:: What is being asked ::
Pull every line containing "CityJSON" from the entries.

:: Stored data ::

--- START ---

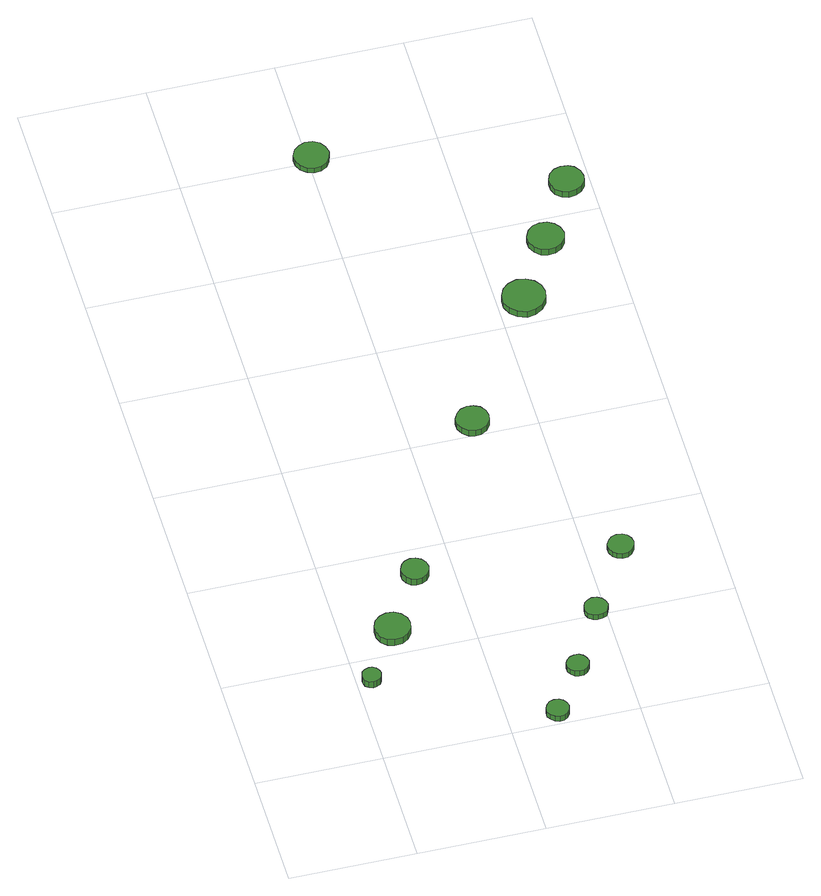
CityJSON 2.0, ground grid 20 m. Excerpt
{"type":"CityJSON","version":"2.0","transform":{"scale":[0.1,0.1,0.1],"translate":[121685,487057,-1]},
"CityObjects":{
"tree1":{"type":"SolitaryVegetationObject","attributes":{"function":"something"},"geometry":[{"type":"MultiSurface","lod":"1","boundaries":[[[0,1,2,3,4,5,6,7,8,9,10,11,12,13,14]],[[15,16,17,18,19,20,21,22,23,24,25,26,27,28,29]],[[0,29,28,1]],[[1,28,27,2]],[[2,27,26,3]],[[3,26,25,4]],[[4,25,24,5]],[[5,24,23,6]],[[6,23,22,7]],[[7,22,21,8]],[[8,21,20,9]],[[9,20,19,10]],[[10,19,18,11]],[[11,18,17,12]],[[12,17,16,13]],[[13,16,15,14]],[[14,15,29,0]]]}]},
"tree2":{"type":"SolitaryVegetationObject","attributes":{"function":"something"},"geometry":[{"type":"MultiSurface","lod":"1","boundaries":[[[30,31,32,33,34,35,36,37,38,39,40,41,42,43,44]],[[45,46,47,48,49,50,51,52,53,54,55,56,57,58,59]],[[30,59,58,31]],[[31,58,57,32]],[[32,57,56,33]],[[33,56,55,34]],[[34,55,54,35]],[[35,54,53,36]],[[36,53,52,37]],[[37,52,51,38]],[[38,51,50,39]],[[39,50,49,40]],[[40,49,48,41]],[[41,48,47,42]],[[42,47,46,43]],[[43,46,45,44]],[[44,45,59,30]]]}]},
"tree3":{"type":"SolitaryVegetationObject","attributes":{"function":"something"},"geometry":[{"type":"MultiSurface","lod":"1","boundaries":[[[60,61,62,63,64,65,66,67,68,69,70,71,72,73,74]],[[75,76,77,78,79,80,81,82,83,84,85,86,87,88,89]],[[60,89,88,61]],[[61,88,87,62]],[[62,87,86,63]],[[63,86,85,64]],[[64,85,84,65]],[[65,84,83,66]],[[66,83,82,67]],[[67,82,81,68]],[[68,81,80,69]],[[69,80,79,70]],[[70,79,78,71]],[[71,78,77,72]],[[72,77,76,73]],[[73,76,75,74]],[[74,75,89,60]]]}]},
"tree4":{"type":"SolitaryVegetationObject","attributes":{"function":"something"},"geometry":[{"type":"MultiSurface","lod":"1","boundaries":[[[90,91,92,93,94,95,96,97,98,99,100,101,102,103,104]],[[105,106,107,108,109,110,111,112,113,114,115,116,117,118,119]],[[90,119,118,91]],[[91,118,117,92]],[[92,117,116,93]],[[93,116,115,94]],[[94,115,114,95]],[[95,114,113,96]],[[96,113,112,97]],[[97,112,111,98]],[[98,111,110,99]],[[99,110,109,100]],[[100,109,108,101]],[[101,108,107,102]],[[102,107,106,103]],[[103,106,105,104]],[[104,105,119,90]]]}]},
"tree5":{"type":"SolitaryVegetationObject","attributes":{"function":"something"},"geometry":[{"type":"MultiSurface","lod":"1","boundaries":[[[120,121,122,123,124,125,126,127,128,129,130,131,132,133,134]],[[135,136,137,138,139,140,141,142,143,144,145,146,147,148,149]],[[120,149,148,121]],[[121,148,147,122]],[[122,147,146,123]],[[123,146,145,124]],[[124,145,144,125]],[[125,144,143,126]],[[126,143,142,127]],[[127,142,141,128]],[[128,141,140,129]],[[129,140,139,130]],[[130,139,138,131]],[[131,138,137,132]],[[132,137,136,133]],[[133,136,135,134]],[[134,135,149,120]]]}]},
"tree6":{"type":"SolitaryVegetationObject","attributes":{"function":"something"},"geometry":[{"type":"MultiSurface","lod":"1","boundaries":[[[150,151,152,153,154,155,156,157,158,159,160,161,162,163,164]],[[165,166,167,168,169,170,171,172,173,174,175,176,177,178,179]],[[150,179,178,151]],[[151,178,177,152]],[[152,177,176,153]],[[153,176,175,154]],[[154,175,174,155]],[[155,174,173,156]],[[156,173,172,157]],[[157,172,171,158]],[[158,171,170,159]],[[159,170,169,160]],[[160,169,168,161]],[[161,168,167,162]],[[162,167,166,163]],[[163,166,165,164]],[[164,165,179,150]]]}]},
"tree7":{"type":"SolitaryVegetationObject","attributes":{"function":"something"},"geometry":[{"type":"MultiSurface","lod":"1","boundaries":[[[180,181,182,183,184,185,186,187,188,189,190,191,192,193,194]],[[195,196,197,198,199,200,201,202,203,204,205,206,207,208,209]],[[180,209,208,181]],[[181,208,207,182]],[[182,207,206,183]],[[183,206,205,184]],[[184,205,204,185]],[[185,204,203,186]],[[186,203,202,187]],[[187,202,201,188]],[[188,201,200,189]],[[189,200,199,190]],[[190,199,198,191]],[[191,198,197,192]],[[192,197,196,193]],[[193,196,195,194]],[[194,195,209,180]]]}]},
"tree8":{"type":"SolitaryVegetationObject","attributes":{"function":"something"},"geometry":[{"type":"MultiSurface","lod":"1","boundaries":[[[210,211,212,213,214,215,216,217,218,219,220,221,222,223,224]],[[225,226,227,228,229,230,231,232,233,234,235,236,237,238,239]],[[210,239,238,211]],[[211,238,237,212]],[[212,237,236,213]],[[213,236,235,214]],[[214,235,234,215]],[[215,234,233,216]],[[216,233,232,217]],[[217,232,231,218]],[[218,231,230,219]],[[219,230,229,220]],[[220,229,228,221]],[[221,228,227,222]],[[222,227,226,223]],[[223,226,225,224]],[[224,225,239,210]]]}]},
"tree9":{"type":"SolitaryVegetationObject","attributes":{"function":"something"},"geometry":[{"type":"MultiSurface","lod":"1","boundaries":[[[240,241,242,243,244,245,246,247,248,249,250,251,252,253,254]],[[255,256,257,258,259,260,261,262,263,264,265,266,267,268,269]],[[240,269,268,241]],[[241,268,267,242]],[[242,267,266,243]],[[243,266,265,244]],[[244,265,264,245]],[[245,264,263,246]],[[246,263,262,247]],[[247,262,261,248]],[[248,261,260,249]],[[249,260,259,250]],[[250,259,258,251]],[[251,258,257,252]],[[252,257,256,253]],[[253,256,255,254]],[[254,255,269,240]]]}]},
"tree10":{"type":"SolitaryVegetationObject","attributes":{"function":"something"},"geometry":[{"type":"MultiSurface","lod":"1","boundaries":[[[270,271,272,273,274,275,276,277,278,279,280,281,282,283,284]],[[285,286,287,288,289,290,291,292,293,294,295,296,297,298,299]],[[270,299,298,271]],[[271,298,297,272]],[[272,297,296,273]],[[273,296,295,274]],[[274,295,294,275]],[[275,294,293,276]],[[276,293,292,277]],[[277,292,291,278]],[[278,291,290,279]],[[279,290,289,280]],[[280,289,288,281]],[[281,288,287,282]],[[282,287,286,283]],[[283,286,285,284]],[[284,285,299,270]]]}]},
"tree11":{"type":"SolitaryVegetationObject","attributes":{"function":"something"},"geometry":[{"type":"MultiSurface","lod":"1","boundaries":[[[300,301,302,303,304,305,306,307,308,309,310,311,312,313,314]],[[315,316,317,318,319,320,321,322,323,324,325,326,327,328,329]],[[300,329,328,301]],[[301,328,327,302]],[[302,327,326,303]],[[303,326,325,304]],[[304,325,324,305]],[[305,324,323,306]],[[306,323,322,307]],[[307,322,321,308]],[[308,321,320,309]],[[309,320,319,310]],[[310,319,318,311]],[[311,318,317,312]],[[312,317,316,313]],[[313,316,315,314]],[[314,315,329,300]]]}]},
"tree12":{"type":"SolitaryVegetationObject","attributes":{"function":"something"},"geometry":[{"type":"MultiSurface","lod":"1","boundaries":[[[330,331,332,333,334,335,336,337,338,339,340,341,342,343,344]],[[345,346,347,348,349,350,351,352,353,354,355,356,357,358,359]],[[330,359,358,331]],[[331,358,357,332]],[[332,357,356,333]],[[333,356,355,334]],[[334,355,354,335]],[[335,354,353,336]],[[336,353,352,337]],[[337,352,351,338]],[[338,351,350,339]],[[339,350,349,340]],[[340,349,348,341]],[[341,348,347,342]],[[342,347,346,343]],[[343,346,345,344]],[[344,345,359,330]]]}]}
},
"vertices":[
[38,156,20],[36,162,20],[33,167,20],[27,171,20],[21,171,20],[15,169,20],[10,165,20],[8,159,20],[8,153,20],[10,147,20],[15,143,20],[21,141,20],[27,142,20],[33,145,20],[36,150,20],[36,150,7],[33,145,7],[27,142,7],[21,141,7],[15,143,7],[10,147,7],[8,153,7],[8,159,7],[10,165,7],[15,169,7],[21,171,7],[27,171,7],[33,167,7],[36,162,7],[38,156,7],
[106,245,19],[104,256,19],[97,266,19],[87,272,19],[75,273,19],[64,269,19],[55,261,19],[51,251,19],[51,239,19],[55,228,19],[64,220,19],[75,217,19],[87,218,19],[97,224,19],[104,233,19],[104,233,6],[97,224,6],[87,218,6],[75,217,6],[64,220,6],[55,228,6],[51,239,6],[51,251,6],[55,261,6],[64,269,6],[75,273,6],[87,272,6],[97,266,6],[104,256,6],[106,245,6],
[162,349,19],[160,358,19],[155,365,19],[147,370,19],[138,371,19],[129,368,19],[123,362,19],[119,353,19],[119,344,19],[123,336,19],[129,330,19],[138,327,19],[147,328,19],[155,333,19],[160,340,19],[160,340,6],[155,333,6],[147,328,6],[138,327,6],[129,330,6],[123,336,6],[119,344,6],[119,353,6],[123,362,6],[129,368,6],[138,371,6],[147,370,6],[155,365,6],[160,358,6],[162,349,6],
[295,23,16],[293,30,16],[289,36,16],[283,40,16],[275,41,16],[268,39,16],[263,34,16],[259,27,16],[259,19,16],[263,13,16],[268,8,16],[275,5,16],[283,6,16],[289,10,16],[293,16,16],[293,16,5],[289,10,5],[283,6,5],[275,5,5],[268,8,5],[263,13,5],[259,19,5],[259,27,5],[263,34,5],[268,39,5],[275,41,5],[283,40,5],[289,36,5],[293,30,5],[295,23,5],
[347,104,16],[345,111,16],[341,117,16],[335,121,16],[327,121,16],[321,119,16],[315,114,16],[312,108,16],[312,100,16],[315,94,16],[321,89,16],[327,87,16],[335,87,16],[341,91,16],[345,97,16],[345,97,5],[341,91,5],[335,87,5],[327,87,5],[321,89,5],[315,94,5],[312,100,5],[312,108,5],[315,114,5],[321,119,5],[327,121,5],[335,121,5],[341,117,5],[345,111,5],[347,104,5],
[404,209,15],[402,217,15],[398,223,15],[391,227,15],[383,228,15],[376,225,15],[370,220,15],[367,213,15],[367,205,15],[370,198,15],[376,193,15],[383,191,15],[391,192,15],[398,195,15],[402,202,15],[402,202,5],[398,195,5],[391,192,5],[383,191,5],[376,193,5],[370,198,5],[367,205,5],[367,213,5],[370,220,5],[376,225,5],[383,228,5],[391,227,5],[398,223,5],[402,217,5],[404,209,5],
[327,620,22],[325,631,22],[319,640,22],[309,645,22],[299,646,22],[289,643,22],[281,636,22],[276,626,22],[276,615,22],[281,605,22],[289,598,22],[299,595,22],[309,596,22],[319,601,22],[325,610,22],[325,610,10],[319,601,10],[309,596,10],[299,595,10],[289,598,10],[281,605,10],[276,615,10],[276,626,10],[281,636,10],[289,643,10],[299,646,10],[309,645,10],[319,640,10],[325,631,10],[327,620,10],
[474,322,15],[472,331,15],[467,338,15],[460,342,15],[451,343,15],[443,340,15],[437,334,15],[433,327,15],[433,318,15],[437,310,15],[443,305,15],[451,302,15],[460,303,15],[467,307,15],[472,314,15],[472,314,5],[467,307,5],[460,303,5],[451,302,5],[443,305,5],[437,310,5],[433,318,5],[433,327,5],[437,334,5],[443,340,5],[451,343,5],[460,342,5],[467,338,5],[472,331,5],[474,322,5],
[233,1206,15],[230,1218,15],[224,1227,15],[214,1233,15],[202,1234,15],[192,1230,15],[183,1223,15],[178,1212,15],[178,1201,15],[183,1190,15],[192,1183,15],[202,1179,15],[214,1180,15],[224,1186,15],[230,1195,15],[230,1195,5],[224,1186,5],[214,1180,5],[202,1179,5],[192,1183,5],[183,1190,5],[178,1201,5],[178,1212,5],[183,1223,5],[192,1230,5],[202,1234,5],[214,1233,5],[224,1227,5],[230,1218,5],[233,1206,5],
[473,841,24],[470,855,24],[462,866,24],[450,873,24],[436,875,24],[422,870,24],[412,861,24],[406,848,24],[406,834,24],[412,821,24],[422,812,24],[436,807,24],[450,809,24],[462,816,24],[470,827,24],[470,827,12],[462,816,12],[450,809,12],[436,807,12],[422,812,12],[412,821,12],[406,834,12],[406,848,12],[412,861,12],[422,870,12],[436,875,12],[450,873,12],[462,866,12],[470,855,12],[473,841,12],
[532,954,19],[529,966,19],[522,975,19],[512,981,19],[500,982,19],[489,979,19],[480,971,19],[475,960,19],[475,948,19],[480,937,19],[489,929,19],[500,926,19],[512,927,19],[522,933,19],[529,942,19],[529,942,7],[522,933,7],[512,927,7],[500,926,7],[489,929,7],[480,937,7],[475,948,7],[475,960,7],[480,971,7],[489,979,7],[500,982,7],[512,981,7],[522,975,7],[529,966,7],[532,954,7],
[590,1060,17],[588,1071,17],[581,1081,17],[572,1086,17],[560,1087,17],[550,1084,17],[541,1076,17],[537,1066,17],[537,1055,17],[541,1044,17],[550,1037,17],[560,1033,17],[572,1035,17],[581,1040,17],[588,1049,17],[588,1049,5],[581,1040,5],[572,1035,5],[560,1033,5],[550,1037,5],[541,1044,5],[537,1055,5],[537,1066,5],[541,1076,5],[550,1084,5],[560,1087,5],[572,1086,5],[581,1081,5],[588,1071,5],[590,1060,5]
]}

--- END ---

:: Solution to the problem ::
CityJSON 2.0, ground grid 20 m. Excerpt
{"type":"CityJSON","version":"2.0","transform":{"scale":[0.1,0.1,0.1],"translate":[121685,487057,-1]},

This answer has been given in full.